International and U.S. proposals on the table target the hot topics: increasing capital requirements, corralling the "shadow banking system" of nonbank lenders, and otherwise trying to ensure that risk doesn't balloon out of control. But in most cases they rely on the kinds of tools that failed the last time around, when supervisors proved less than vigilant, turf squabbles impeded regulation, and fears of foreign competition led governments to yield to industry demands for a lighter touch.
Cushions of Capital In the chaotic months following the bankruptcy filing of Lehman Brothers on Sept. 15, 2008, few ideas seemed too extreme for consideration. Break up the giant banks. Regulate the survivors like utilities. Ban casino-like bets on the possibility of default by corporate borrowers. Prohibit credit-rating agencies from being paid by the agencies they rate. Above all, build a mechanism so that even huge multinational banks could fail without jeopardizing other firms and national economies.
The G-20 plan doesn't do any of that. It focuses on bolstering the cushions of capital that financial firms must hold, making sure they have the liquidity to survive a cash squeeze, and strengthening the supervision over them. By the end of this year global regulators are supposed to come up with a plan for banks to build up capital buffers in good times that they can draw down in bad ones. That would discourage banks from overlending in booms and choking off credit in busts, as they tend to do. Unfortunately, experience shows that banks are good at getting around tougher capital standards or persuading regulators to ease them.
The G-20 nations aren't even seeking fundamental restructuring. Banking firms could continue collecting government-insured deposits with one hand and, in other subsidiaries, make risky bets on the market—though the cost of doing so could rise.
To succeed, rules also must be applied consistently around the world, but gaps are appearing in European and U.S. officials' united front. European regulators want to establish explicit boundaries for bankers' pay and tie capital requirements to the risk of an institution's underlying assets. U.S. officials, on the other hand, are resistant to strict pay limits and are focused on the capital requirements of the biggest and most important institutions.
Stumbling Blocks Scariest of all, there is still no procedure for countries to share responsibility for the takeover and resolution of a failing multinational financial firm like Lehman or insurer American International Group (AIG). Another uncontrolled failure today could set off a global domino chain of failures. Says Raghuram G. Rajan, the former chief economist at the International Monetary Fund who currently teaches at the University of Chicago's Booth School of Business: "The difficulty of international dialogue means [establishing a procedure] will take forever, by which time people will have forgotten and something much more diluted will have come out."

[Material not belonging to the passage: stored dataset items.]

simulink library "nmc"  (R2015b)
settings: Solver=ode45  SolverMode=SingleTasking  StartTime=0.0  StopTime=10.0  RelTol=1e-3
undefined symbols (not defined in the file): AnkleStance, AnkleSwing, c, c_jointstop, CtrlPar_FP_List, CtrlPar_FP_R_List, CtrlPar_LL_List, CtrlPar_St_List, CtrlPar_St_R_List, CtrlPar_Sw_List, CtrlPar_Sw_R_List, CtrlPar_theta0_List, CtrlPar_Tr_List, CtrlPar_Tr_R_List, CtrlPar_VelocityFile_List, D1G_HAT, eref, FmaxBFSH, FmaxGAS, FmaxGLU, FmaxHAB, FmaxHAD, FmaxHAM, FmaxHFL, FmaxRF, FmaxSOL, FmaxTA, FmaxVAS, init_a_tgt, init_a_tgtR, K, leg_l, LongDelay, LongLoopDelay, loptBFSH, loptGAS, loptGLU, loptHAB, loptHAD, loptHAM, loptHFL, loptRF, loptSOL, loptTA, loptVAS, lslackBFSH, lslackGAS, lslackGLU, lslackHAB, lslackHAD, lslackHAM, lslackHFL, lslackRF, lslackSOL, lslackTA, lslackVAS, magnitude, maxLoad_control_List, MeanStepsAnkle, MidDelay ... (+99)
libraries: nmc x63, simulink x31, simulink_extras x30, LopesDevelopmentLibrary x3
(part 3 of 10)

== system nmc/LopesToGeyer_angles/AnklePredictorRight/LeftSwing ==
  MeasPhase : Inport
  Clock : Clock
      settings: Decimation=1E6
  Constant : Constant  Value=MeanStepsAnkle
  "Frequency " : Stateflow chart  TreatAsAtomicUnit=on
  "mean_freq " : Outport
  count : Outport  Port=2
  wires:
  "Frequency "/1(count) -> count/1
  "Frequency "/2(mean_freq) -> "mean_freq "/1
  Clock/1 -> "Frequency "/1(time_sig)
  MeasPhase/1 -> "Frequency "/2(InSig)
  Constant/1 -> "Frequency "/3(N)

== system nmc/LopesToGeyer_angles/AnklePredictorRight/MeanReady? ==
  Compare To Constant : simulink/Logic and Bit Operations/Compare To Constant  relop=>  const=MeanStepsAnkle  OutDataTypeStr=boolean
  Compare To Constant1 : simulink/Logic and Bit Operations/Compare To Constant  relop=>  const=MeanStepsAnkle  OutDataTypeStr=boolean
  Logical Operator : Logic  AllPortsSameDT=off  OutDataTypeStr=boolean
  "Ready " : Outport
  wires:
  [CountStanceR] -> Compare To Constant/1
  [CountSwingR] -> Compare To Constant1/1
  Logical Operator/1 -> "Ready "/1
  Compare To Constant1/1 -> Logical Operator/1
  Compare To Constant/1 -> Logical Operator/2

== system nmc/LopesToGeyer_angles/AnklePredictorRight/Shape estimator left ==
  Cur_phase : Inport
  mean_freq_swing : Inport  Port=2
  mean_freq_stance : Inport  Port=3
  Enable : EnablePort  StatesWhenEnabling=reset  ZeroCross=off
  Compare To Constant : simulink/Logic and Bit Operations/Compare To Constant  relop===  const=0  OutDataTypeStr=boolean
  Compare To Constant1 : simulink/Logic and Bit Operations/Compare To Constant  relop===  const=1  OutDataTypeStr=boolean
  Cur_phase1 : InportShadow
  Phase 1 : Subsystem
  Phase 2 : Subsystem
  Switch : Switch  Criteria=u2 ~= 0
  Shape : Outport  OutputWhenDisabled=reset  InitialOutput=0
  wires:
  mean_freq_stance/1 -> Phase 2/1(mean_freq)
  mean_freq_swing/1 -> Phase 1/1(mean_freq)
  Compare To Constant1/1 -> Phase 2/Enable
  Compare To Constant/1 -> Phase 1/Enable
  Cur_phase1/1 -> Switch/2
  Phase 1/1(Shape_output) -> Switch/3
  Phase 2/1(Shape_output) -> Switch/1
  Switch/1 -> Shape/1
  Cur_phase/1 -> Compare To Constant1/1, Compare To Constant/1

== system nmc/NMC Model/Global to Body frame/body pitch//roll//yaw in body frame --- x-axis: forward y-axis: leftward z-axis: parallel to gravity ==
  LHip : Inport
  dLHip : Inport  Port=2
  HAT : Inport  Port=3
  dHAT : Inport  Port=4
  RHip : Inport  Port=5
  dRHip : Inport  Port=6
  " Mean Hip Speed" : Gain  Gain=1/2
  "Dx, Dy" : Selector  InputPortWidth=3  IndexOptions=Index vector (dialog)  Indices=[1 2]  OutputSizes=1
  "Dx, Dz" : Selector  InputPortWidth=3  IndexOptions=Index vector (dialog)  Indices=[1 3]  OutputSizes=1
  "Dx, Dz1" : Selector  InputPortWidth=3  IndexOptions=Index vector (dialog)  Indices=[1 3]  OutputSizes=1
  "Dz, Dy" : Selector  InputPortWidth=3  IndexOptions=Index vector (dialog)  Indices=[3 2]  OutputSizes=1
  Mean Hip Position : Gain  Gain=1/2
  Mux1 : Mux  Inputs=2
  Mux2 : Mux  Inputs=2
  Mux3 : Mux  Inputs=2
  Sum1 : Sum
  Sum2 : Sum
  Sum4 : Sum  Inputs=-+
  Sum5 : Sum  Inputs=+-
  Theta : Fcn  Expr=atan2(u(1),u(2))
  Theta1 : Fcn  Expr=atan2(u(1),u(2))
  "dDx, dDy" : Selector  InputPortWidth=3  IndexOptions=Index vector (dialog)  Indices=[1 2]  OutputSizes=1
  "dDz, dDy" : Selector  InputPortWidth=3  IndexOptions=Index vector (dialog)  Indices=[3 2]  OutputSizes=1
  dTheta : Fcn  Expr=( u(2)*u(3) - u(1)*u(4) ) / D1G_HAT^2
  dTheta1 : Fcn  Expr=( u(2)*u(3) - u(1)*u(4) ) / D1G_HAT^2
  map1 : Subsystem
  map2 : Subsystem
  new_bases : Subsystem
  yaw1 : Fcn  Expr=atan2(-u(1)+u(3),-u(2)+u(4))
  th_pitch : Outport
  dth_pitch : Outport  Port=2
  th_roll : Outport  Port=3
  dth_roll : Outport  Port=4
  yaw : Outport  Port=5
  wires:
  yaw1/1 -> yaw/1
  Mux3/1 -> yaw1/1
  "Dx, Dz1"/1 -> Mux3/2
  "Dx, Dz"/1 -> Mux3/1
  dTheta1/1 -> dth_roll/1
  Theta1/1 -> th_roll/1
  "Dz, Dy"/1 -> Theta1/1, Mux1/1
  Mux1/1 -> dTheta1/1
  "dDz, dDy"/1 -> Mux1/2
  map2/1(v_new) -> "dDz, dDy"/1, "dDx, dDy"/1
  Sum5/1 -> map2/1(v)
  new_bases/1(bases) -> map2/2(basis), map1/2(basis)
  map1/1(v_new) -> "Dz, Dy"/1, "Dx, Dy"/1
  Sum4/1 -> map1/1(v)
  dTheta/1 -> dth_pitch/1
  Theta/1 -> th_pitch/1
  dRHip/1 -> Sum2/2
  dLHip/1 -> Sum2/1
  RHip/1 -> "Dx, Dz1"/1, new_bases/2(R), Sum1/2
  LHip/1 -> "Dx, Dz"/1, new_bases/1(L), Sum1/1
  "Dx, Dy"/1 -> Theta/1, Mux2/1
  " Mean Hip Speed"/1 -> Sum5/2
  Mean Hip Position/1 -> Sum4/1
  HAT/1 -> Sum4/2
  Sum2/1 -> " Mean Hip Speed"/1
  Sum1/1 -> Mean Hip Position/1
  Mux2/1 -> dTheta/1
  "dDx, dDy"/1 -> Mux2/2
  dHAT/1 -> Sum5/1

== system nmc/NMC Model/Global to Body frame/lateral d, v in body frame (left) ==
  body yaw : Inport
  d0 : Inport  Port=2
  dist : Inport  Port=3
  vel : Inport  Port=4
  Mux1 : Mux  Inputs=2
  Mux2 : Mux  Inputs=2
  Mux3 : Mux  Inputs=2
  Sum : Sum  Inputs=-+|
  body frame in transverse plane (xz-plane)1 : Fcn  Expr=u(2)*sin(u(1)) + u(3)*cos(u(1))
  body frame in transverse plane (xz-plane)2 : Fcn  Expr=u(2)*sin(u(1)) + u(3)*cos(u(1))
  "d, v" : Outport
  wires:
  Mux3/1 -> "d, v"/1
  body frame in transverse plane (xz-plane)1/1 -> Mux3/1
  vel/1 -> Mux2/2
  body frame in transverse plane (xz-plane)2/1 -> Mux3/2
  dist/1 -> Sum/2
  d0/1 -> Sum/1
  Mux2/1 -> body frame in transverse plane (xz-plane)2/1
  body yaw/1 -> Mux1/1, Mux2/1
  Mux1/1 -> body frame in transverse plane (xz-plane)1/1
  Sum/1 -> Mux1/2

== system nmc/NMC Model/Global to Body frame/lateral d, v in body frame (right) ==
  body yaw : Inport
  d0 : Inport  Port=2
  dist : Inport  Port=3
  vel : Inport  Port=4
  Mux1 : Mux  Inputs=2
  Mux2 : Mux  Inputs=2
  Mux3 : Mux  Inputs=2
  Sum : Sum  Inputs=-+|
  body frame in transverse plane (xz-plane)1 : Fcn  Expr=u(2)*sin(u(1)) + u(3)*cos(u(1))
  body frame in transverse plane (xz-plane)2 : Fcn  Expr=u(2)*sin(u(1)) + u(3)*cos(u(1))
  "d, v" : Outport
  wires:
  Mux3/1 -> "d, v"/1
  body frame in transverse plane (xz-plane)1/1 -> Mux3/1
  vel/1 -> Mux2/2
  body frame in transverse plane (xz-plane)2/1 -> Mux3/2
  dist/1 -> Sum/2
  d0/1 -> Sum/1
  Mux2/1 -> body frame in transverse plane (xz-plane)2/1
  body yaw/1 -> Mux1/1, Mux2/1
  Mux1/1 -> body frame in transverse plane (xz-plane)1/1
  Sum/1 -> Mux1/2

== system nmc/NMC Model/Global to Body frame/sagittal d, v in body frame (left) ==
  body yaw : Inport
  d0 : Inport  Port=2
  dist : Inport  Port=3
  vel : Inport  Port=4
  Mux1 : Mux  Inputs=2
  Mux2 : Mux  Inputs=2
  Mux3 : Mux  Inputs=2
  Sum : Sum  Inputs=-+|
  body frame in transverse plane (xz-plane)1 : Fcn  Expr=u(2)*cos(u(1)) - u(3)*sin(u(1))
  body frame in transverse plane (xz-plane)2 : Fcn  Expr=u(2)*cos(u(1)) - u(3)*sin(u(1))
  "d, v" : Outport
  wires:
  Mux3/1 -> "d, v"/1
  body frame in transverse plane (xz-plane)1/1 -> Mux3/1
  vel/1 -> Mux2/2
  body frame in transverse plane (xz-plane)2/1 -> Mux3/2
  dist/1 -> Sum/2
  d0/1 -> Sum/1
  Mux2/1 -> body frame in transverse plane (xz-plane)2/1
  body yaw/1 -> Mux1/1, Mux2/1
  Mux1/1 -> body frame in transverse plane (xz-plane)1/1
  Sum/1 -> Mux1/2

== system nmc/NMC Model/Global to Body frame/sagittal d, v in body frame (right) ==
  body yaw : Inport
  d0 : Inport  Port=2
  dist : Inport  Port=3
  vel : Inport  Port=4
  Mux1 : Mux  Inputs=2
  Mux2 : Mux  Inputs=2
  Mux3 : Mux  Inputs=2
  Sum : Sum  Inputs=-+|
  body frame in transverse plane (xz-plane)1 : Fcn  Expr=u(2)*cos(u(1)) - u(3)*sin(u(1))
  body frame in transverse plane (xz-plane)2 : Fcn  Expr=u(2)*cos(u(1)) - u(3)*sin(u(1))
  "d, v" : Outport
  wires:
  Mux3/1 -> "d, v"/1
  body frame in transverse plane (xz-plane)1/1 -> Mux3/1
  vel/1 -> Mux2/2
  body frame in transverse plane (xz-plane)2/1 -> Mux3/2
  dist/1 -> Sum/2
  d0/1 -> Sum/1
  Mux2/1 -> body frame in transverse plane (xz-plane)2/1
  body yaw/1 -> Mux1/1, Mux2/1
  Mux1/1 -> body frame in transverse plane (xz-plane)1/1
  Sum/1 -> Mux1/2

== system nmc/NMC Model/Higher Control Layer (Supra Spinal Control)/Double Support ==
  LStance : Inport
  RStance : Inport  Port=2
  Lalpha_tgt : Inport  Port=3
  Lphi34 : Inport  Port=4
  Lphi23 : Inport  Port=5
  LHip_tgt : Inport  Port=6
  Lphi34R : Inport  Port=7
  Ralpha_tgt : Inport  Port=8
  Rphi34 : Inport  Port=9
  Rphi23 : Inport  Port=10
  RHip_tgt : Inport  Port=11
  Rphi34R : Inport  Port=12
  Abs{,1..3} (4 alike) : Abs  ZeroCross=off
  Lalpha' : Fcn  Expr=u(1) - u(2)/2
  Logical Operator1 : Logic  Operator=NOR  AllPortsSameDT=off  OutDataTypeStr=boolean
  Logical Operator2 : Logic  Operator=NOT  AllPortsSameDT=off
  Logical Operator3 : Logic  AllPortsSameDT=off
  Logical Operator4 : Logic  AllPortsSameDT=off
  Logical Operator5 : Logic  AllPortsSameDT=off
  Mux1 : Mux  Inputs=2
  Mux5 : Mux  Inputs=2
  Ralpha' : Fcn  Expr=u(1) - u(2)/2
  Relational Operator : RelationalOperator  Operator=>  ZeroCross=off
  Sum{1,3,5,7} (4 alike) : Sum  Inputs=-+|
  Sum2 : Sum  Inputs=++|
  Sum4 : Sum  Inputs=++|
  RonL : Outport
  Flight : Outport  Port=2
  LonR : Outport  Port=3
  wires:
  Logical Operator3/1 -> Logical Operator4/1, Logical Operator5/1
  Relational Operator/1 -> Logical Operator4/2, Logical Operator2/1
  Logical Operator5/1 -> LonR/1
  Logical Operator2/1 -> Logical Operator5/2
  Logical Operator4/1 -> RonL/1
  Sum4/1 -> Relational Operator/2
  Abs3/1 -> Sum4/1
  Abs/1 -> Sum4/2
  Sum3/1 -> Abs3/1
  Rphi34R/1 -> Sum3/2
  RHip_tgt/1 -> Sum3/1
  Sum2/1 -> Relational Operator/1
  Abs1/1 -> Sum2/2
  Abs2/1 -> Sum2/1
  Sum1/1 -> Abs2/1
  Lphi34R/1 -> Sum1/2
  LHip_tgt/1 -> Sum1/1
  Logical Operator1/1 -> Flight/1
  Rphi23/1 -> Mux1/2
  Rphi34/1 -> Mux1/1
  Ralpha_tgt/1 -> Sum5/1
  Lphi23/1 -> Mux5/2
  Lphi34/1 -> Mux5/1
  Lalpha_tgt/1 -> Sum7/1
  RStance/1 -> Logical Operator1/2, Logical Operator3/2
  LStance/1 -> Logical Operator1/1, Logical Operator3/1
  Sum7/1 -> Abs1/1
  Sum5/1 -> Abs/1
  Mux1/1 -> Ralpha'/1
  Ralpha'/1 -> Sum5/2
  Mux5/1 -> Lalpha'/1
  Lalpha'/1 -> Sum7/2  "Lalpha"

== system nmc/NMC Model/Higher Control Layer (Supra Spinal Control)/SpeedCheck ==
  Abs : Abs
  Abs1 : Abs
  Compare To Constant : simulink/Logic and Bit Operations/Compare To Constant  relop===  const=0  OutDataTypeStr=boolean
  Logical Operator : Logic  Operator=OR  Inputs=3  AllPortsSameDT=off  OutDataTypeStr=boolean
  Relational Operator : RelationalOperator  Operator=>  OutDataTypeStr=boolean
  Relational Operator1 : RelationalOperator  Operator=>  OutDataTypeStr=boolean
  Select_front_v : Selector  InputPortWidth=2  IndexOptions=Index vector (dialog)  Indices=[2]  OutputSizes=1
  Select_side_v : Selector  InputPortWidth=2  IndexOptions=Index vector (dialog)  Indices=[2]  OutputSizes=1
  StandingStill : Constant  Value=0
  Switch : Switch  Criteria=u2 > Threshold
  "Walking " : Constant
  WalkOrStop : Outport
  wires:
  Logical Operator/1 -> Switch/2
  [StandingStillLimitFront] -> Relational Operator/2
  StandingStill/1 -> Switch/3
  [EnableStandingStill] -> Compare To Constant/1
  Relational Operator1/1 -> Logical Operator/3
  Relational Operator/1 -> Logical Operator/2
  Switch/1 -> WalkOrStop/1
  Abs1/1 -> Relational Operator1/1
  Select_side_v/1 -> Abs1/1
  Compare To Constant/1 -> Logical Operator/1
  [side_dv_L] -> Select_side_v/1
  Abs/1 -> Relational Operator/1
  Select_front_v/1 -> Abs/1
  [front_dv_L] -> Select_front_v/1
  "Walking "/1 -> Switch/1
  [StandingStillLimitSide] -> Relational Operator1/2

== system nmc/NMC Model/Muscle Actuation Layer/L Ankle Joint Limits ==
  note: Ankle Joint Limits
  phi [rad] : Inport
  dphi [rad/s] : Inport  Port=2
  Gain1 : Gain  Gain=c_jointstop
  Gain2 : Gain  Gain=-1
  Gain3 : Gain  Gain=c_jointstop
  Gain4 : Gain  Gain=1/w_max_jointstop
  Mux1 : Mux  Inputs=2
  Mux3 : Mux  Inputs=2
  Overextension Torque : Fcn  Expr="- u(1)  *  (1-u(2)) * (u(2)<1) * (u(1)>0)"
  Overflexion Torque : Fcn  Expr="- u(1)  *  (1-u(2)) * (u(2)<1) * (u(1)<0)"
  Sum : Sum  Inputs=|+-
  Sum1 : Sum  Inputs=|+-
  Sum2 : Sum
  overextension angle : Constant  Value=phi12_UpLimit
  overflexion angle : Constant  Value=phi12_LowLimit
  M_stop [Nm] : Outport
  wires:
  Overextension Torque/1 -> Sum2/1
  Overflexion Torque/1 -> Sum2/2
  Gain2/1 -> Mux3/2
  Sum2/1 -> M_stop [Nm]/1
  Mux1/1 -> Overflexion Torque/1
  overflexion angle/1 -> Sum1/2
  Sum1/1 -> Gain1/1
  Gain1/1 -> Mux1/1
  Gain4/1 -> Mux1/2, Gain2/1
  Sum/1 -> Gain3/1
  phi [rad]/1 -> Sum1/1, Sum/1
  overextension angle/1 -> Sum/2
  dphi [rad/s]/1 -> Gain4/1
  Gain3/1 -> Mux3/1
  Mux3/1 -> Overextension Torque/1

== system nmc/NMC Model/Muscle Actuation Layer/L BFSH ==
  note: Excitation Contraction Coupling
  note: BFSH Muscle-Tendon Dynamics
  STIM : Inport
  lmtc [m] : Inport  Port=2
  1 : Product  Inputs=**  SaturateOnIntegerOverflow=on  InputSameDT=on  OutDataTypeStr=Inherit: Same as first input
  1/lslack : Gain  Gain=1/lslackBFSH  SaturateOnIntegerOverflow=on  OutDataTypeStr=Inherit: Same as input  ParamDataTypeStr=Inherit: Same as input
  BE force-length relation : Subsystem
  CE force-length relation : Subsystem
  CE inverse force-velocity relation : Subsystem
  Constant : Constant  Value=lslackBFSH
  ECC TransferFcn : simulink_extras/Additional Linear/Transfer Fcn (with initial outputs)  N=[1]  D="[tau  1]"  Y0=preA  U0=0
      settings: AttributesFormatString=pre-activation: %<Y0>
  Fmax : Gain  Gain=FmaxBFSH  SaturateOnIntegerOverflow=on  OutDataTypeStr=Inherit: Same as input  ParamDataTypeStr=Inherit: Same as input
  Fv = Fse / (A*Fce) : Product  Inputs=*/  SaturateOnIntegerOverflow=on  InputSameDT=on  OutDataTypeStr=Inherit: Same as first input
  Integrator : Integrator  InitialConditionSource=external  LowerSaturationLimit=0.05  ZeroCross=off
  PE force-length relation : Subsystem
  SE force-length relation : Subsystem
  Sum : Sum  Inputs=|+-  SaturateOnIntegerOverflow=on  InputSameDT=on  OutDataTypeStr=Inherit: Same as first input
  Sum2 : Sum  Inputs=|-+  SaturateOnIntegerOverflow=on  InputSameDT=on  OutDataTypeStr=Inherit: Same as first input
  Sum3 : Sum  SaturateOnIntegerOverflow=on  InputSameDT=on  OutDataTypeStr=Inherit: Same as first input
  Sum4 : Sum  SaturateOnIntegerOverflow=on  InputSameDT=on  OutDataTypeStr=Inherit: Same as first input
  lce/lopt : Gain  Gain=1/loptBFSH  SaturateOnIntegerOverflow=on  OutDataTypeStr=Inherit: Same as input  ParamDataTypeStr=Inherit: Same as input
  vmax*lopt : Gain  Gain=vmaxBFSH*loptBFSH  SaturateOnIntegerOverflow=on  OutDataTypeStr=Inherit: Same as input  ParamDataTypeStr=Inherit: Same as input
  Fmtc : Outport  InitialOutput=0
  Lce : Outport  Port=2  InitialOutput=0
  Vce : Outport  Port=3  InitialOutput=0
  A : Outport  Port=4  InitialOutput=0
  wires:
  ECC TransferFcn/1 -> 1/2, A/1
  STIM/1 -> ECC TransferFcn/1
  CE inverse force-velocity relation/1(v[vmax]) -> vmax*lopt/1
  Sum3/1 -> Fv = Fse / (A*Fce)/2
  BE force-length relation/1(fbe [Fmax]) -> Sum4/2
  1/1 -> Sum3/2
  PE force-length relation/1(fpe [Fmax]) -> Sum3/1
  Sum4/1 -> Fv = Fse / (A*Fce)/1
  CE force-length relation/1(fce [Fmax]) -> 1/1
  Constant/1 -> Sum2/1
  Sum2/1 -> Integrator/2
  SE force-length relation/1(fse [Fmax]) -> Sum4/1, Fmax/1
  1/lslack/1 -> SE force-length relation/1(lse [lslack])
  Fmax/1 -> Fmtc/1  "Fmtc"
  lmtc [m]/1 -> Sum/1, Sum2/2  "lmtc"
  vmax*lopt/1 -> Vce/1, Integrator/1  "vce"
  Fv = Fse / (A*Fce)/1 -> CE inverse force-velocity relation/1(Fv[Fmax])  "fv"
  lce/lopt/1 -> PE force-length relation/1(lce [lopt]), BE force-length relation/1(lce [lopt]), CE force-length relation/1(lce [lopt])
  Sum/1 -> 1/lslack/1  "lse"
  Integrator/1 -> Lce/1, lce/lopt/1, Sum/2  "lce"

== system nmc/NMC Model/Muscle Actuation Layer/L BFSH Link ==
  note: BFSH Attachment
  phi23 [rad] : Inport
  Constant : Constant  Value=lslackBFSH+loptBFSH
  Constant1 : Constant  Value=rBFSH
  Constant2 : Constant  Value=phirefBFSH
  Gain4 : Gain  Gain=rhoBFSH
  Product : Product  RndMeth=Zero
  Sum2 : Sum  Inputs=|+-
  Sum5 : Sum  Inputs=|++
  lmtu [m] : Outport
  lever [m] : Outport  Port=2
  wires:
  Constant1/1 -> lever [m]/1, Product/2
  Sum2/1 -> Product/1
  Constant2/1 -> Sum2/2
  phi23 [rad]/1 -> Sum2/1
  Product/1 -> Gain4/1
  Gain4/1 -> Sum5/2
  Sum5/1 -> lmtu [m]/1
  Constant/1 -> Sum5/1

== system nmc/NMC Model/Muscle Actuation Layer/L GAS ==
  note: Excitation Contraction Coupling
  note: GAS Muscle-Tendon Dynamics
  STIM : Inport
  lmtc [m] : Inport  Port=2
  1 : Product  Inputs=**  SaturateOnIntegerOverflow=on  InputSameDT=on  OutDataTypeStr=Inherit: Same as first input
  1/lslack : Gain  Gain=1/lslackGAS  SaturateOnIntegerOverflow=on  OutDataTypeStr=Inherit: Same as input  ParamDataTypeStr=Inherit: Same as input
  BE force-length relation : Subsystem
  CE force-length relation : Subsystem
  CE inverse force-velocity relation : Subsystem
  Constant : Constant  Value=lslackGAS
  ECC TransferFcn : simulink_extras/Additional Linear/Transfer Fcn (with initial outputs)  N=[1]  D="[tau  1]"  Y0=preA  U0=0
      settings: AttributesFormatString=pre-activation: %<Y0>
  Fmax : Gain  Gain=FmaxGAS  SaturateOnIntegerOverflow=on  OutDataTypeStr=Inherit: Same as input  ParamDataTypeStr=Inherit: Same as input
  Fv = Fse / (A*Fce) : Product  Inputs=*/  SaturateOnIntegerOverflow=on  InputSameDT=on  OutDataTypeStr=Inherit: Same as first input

International coordination isn't the only stumbling block. The U.S. is moving gingerly even on purely domestic issues. For example, regulating insurance conglomerates like AIG is proving tricky. Under the reorg plan being pushed by Geithner, U.S. insurers would continue to operate under a patchwork of state regulation, though the largest would get additional scrutiny from the Federal Reserve or a committee of federal regulators.
Officials in the Obama Administration also considered consolidating the Securities & Exchange Commission, which oversees the securities market, and the Commodity Futures Trading Commission, which polices futures and commodity markets. But they concluded it would take too much political capital to buck the congressional agriculture and financial committees that split responsibility for the agencies—and that enjoy the campaign contributions that follow the oversight. Now the proposal calls for just one of more than a half-dozen federal financial regulators to disappear.
The Administration's goal of consolidating all financial consumer protection in a single agency—perhaps its boldest proposal—is running into a buzz saw of bureaucratic infighting and industry lobbying. "Our strategy is to kill it," says one lobbyist for the financial-services industry.
Furthermore, banks selling complex derivatives—essentially financial bets—would be free to continue writing "custom" contracts under the Geithner plan. That would sidestep many of the protective mechanisms built into the brand-new exchanges and clearinghouses designed to temper the risk of such instruments.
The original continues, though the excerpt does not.